--- Information supplied ---
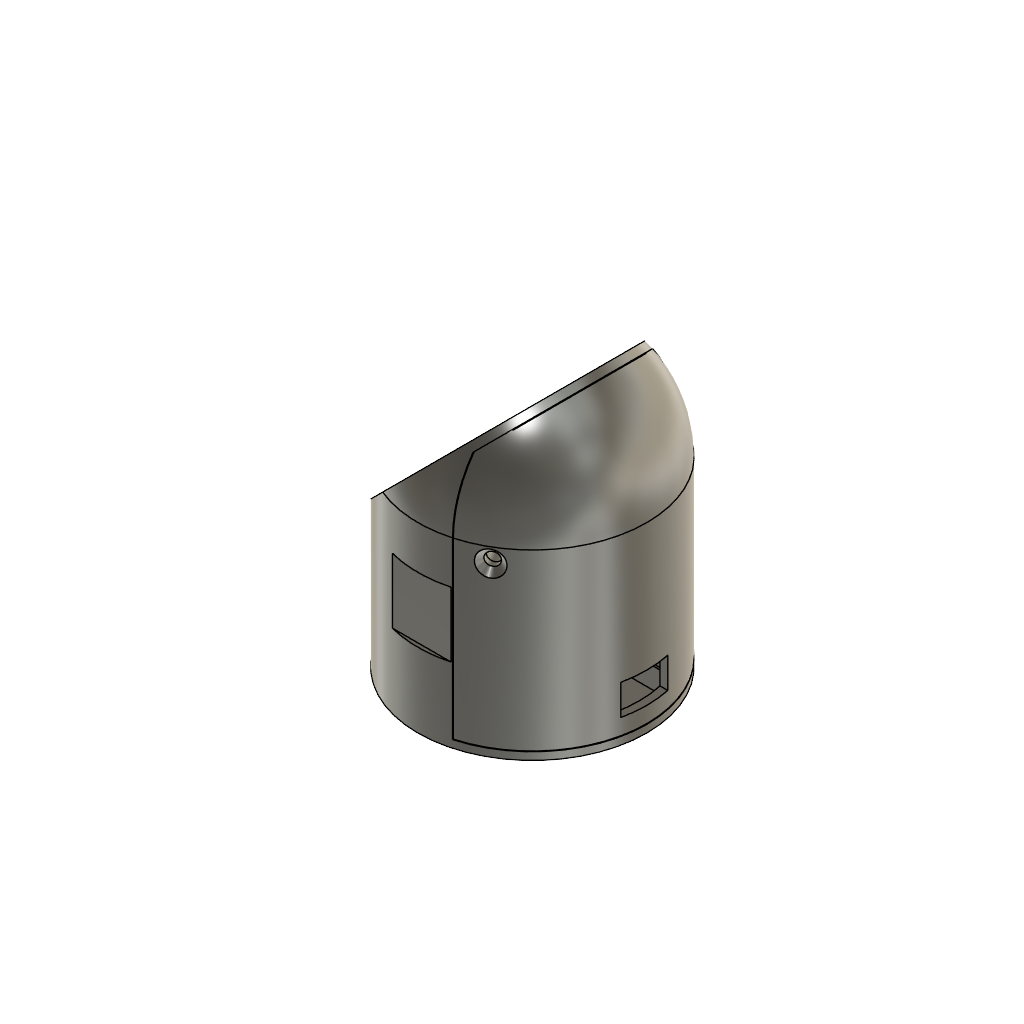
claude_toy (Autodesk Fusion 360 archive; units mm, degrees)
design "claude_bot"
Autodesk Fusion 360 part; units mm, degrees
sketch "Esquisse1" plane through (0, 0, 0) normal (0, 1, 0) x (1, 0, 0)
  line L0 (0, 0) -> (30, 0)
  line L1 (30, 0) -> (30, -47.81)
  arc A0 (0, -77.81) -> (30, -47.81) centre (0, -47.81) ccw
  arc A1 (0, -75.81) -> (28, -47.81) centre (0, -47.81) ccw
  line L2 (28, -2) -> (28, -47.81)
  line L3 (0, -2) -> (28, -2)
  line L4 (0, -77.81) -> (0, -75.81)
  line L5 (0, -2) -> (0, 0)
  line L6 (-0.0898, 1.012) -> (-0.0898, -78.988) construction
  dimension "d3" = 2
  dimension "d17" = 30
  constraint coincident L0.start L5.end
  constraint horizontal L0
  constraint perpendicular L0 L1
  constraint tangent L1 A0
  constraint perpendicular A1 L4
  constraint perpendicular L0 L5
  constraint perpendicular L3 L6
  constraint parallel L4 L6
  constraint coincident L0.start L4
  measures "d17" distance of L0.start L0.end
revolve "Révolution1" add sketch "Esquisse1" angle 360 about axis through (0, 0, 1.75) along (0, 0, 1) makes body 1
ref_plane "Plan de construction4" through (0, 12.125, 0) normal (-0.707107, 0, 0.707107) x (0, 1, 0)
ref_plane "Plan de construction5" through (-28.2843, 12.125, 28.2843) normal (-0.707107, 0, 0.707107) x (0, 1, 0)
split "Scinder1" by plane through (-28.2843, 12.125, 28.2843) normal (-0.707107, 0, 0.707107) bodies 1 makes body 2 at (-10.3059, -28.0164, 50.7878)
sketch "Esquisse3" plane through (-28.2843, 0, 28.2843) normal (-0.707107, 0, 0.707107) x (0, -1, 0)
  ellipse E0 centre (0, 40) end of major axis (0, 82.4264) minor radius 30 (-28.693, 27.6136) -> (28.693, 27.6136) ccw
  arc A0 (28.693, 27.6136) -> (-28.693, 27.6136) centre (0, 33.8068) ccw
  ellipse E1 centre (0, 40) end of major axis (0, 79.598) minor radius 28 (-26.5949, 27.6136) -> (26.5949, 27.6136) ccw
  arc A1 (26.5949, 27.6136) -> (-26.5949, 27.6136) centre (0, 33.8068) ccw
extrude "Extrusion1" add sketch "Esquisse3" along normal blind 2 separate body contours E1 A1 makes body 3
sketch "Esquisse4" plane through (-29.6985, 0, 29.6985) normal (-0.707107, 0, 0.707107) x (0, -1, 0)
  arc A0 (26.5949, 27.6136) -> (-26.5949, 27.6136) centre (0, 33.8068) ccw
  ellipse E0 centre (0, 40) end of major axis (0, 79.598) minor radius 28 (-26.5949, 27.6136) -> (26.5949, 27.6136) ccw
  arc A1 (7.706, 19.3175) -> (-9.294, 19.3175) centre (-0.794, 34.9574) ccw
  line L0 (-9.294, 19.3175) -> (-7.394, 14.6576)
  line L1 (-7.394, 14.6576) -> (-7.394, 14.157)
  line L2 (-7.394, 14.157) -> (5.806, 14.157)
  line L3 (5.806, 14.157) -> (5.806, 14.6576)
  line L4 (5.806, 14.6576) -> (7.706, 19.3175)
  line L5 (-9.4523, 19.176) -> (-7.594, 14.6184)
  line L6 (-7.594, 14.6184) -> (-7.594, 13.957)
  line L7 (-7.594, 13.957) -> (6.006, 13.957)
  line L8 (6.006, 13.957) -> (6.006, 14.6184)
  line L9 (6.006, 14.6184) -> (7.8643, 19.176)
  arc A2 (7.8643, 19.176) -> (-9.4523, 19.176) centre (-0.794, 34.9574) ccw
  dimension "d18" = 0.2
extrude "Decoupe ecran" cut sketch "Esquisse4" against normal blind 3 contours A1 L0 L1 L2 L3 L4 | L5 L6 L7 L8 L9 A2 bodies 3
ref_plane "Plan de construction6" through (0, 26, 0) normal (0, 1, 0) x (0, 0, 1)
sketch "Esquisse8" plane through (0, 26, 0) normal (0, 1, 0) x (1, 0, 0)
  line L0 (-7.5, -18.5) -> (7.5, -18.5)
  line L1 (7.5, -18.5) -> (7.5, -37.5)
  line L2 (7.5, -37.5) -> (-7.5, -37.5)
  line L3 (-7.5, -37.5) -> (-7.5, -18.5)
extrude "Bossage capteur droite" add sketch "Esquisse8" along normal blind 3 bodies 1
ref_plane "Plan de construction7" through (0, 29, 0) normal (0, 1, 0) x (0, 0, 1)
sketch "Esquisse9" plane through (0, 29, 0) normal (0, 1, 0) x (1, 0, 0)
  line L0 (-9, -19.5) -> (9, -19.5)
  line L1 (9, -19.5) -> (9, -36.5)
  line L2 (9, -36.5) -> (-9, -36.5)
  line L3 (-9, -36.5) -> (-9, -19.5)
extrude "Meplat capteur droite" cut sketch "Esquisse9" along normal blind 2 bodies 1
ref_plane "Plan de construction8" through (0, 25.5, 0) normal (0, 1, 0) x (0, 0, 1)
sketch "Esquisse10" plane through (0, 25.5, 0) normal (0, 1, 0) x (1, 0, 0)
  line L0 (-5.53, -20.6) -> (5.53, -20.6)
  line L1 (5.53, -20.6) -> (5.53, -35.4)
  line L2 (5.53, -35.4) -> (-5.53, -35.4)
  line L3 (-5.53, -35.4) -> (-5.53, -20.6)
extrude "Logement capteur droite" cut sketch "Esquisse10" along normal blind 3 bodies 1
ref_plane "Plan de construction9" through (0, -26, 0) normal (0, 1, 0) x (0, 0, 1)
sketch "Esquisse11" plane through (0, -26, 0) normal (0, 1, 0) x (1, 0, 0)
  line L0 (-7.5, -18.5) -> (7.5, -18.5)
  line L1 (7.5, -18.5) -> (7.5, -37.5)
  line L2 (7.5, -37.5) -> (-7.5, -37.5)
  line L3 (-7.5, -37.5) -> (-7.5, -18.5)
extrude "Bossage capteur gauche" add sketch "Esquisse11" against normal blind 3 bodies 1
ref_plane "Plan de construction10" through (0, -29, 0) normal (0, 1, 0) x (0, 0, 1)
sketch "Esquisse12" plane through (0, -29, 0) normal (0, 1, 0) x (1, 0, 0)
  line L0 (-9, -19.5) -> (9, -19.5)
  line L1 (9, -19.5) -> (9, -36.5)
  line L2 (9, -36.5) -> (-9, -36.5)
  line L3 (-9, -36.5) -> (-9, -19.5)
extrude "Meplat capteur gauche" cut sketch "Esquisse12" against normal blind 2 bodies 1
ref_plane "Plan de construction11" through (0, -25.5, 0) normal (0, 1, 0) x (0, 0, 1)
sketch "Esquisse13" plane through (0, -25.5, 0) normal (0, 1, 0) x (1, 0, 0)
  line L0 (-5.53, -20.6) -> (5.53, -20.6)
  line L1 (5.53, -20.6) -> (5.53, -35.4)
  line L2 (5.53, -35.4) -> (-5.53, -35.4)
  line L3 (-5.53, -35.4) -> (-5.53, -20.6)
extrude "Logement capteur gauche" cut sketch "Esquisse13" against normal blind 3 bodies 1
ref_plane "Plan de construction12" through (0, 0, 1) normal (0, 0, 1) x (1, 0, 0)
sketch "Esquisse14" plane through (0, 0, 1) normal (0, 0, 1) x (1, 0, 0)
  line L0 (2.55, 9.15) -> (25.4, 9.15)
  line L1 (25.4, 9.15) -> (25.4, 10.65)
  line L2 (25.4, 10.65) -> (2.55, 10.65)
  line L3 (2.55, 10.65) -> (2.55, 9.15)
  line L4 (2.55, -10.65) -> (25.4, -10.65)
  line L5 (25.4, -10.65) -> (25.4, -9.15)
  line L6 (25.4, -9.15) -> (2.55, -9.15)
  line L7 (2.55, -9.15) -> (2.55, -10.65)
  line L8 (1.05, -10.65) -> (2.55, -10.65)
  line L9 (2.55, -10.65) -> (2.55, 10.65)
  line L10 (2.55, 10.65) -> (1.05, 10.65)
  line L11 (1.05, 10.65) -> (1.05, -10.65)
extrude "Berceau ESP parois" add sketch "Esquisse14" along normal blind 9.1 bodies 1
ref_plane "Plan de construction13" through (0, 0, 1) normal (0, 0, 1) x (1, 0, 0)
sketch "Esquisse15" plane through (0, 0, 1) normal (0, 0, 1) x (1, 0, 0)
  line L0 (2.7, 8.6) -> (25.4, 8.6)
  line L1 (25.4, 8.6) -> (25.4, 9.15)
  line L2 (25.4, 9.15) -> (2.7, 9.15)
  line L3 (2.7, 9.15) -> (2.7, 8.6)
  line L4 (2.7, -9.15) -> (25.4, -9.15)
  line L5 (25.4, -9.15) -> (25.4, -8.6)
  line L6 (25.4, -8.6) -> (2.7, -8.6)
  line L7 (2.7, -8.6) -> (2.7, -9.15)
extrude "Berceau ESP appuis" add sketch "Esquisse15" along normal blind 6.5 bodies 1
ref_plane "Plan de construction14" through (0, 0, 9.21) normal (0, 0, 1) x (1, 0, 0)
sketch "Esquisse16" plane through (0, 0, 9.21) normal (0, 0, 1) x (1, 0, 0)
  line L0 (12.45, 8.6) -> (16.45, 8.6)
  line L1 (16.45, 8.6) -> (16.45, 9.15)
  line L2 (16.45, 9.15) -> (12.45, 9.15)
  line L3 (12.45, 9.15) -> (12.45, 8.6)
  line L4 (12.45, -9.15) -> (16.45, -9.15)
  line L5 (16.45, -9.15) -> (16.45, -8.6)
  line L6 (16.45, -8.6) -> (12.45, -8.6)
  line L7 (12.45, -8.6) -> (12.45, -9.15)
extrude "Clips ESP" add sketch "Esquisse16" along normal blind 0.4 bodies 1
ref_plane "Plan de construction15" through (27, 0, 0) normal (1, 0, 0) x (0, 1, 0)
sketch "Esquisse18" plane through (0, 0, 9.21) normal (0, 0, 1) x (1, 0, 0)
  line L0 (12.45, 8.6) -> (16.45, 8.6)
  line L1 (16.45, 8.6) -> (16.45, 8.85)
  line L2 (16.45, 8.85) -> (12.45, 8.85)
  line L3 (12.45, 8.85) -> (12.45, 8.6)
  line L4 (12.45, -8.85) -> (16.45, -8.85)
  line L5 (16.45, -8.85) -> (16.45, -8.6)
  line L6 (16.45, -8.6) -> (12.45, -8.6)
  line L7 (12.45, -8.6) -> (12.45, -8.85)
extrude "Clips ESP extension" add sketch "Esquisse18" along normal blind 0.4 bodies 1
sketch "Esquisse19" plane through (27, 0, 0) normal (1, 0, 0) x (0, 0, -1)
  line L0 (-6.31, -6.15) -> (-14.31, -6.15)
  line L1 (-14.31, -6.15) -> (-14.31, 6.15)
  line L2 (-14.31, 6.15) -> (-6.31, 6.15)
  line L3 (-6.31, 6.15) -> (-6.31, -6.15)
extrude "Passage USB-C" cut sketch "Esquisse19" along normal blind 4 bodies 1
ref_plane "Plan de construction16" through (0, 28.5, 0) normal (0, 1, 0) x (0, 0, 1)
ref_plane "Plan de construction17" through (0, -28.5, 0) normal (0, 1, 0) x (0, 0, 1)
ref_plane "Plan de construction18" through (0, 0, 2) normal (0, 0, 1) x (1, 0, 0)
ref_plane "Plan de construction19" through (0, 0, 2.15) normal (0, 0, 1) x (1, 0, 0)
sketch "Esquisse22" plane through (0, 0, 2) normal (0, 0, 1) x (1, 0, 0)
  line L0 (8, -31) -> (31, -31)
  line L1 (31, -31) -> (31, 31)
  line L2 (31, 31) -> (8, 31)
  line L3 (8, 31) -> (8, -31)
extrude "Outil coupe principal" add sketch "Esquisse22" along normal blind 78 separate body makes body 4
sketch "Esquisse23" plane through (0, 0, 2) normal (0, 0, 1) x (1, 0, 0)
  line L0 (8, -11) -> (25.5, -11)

--- Exercise directions ---
Retype, exactly and in full, the lines above from the one containing "A2 bodies 3" through the one containing "against normal blind 2 bodies 1".

--- Answer ---
extrude "Decoupe ecran" cut sketch "Esquisse4" against normal blind 3 contours A1 L0 L1 L2 L3 L4 | L5 L6 L7 L8 L9 A2 bodies 3
ref_plane "Plan de construction6" through (0, 26, 0) normal (0, 1, 0) x (0, 0, 1)
sketch "Esquisse8" plane through (0, 26, 0) normal (0, 1, 0) x (1, 0, 0)
  line L0 (-7.5, -18.5) -> (7.5, -18.5)
  line L1 (7.5, -18.5) -> (7.5, -37.5)
  line L2 (7.5, -37.5) -> (-7.5, -37.5)
  line L3 (-7.5, -37.5) -> (-7.5, -18.5)
extrude "Bossage capteur droite" add sketch "Esquisse8" along normal blind 3 bodies 1
ref_plane "Plan de construction7" through (0, 29, 0) normal (0, 1, 0) x (0, 0, 1)
sketch "Esquisse9" plane through (0, 29, 0) normal (0, 1, 0) x (1, 0, 0)
  line L0 (-9, -19.5) -> (9, -19.5)
  line L1 (9, -19.5) -> (9, -36.5)
  line L2 (9, -36.5) -> (-9, -36.5)
  line L3 (-9, -36.5) -> (-9, -19.5)
extrude "Meplat capteur droite" cut sketch "Esquisse9" along normal blind 2 bodies 1
ref_plane "Plan de construction8" through (0, 25.5, 0) normal (0, 1, 0) x (0, 0, 1)
sketch "Esquisse10" plane through (0, 25.5, 0) normal (0, 1, 0) x (1, 0, 0)
  line L0 (-5.53, -20.6) -> (5.53, -20.6)
  line L1 (5.53, -20.6) -> (5.53, -35.4)
  line L2 (5.53, -35.4) -> (-5.53, -35.4)
  line L3 (-5.53, -35.4) -> (-5.53, -20.6)
extrude "Logement capteur droite" cut sketch "Esquisse10" along normal blind 3 bodies 1
ref_plane "Plan de construction9" through (0, -26, 0) normal (0, 1, 0) x (0, 0, 1)
sketch "Esquisse11" plane through (0, -26, 0) normal (0, 1, 0) x (1, 0, 0)
  line L0 (-7.5, -18.5) -> (7.5, -18.5)
  line L1 (7.5, -18.5) -> (7.5, -37.5)
  line L2 (7.5, -37.5) -> (-7.5, -37.5)
  line L3 (-7.5, -37.5) -> (-7.5, -18.5)
extrude "Bossage capteur gauche" add sketch "Esquisse11" against normal blind 3 bodies 1
ref_plane "Plan de construction10" through (0, -29, 0) normal (0, 1, 0) x (0, 0, 1)
sketch "Esquisse12" plane through (0, -29, 0) normal (0, 1, 0) x (1, 0, 0)
  line L0 (-9, -19.5) -> (9, -19.5)
  line L1 (9, -19.5) -> (9, -36.5)
  line L2 (9, -36.5) -> (-9, -36.5)
  line L3 (-9, -36.5) -> (-9, -19.5)
extrude "Meplat capteur gauche" cut sketch "Esquisse12" against normal blind 2 bodies 1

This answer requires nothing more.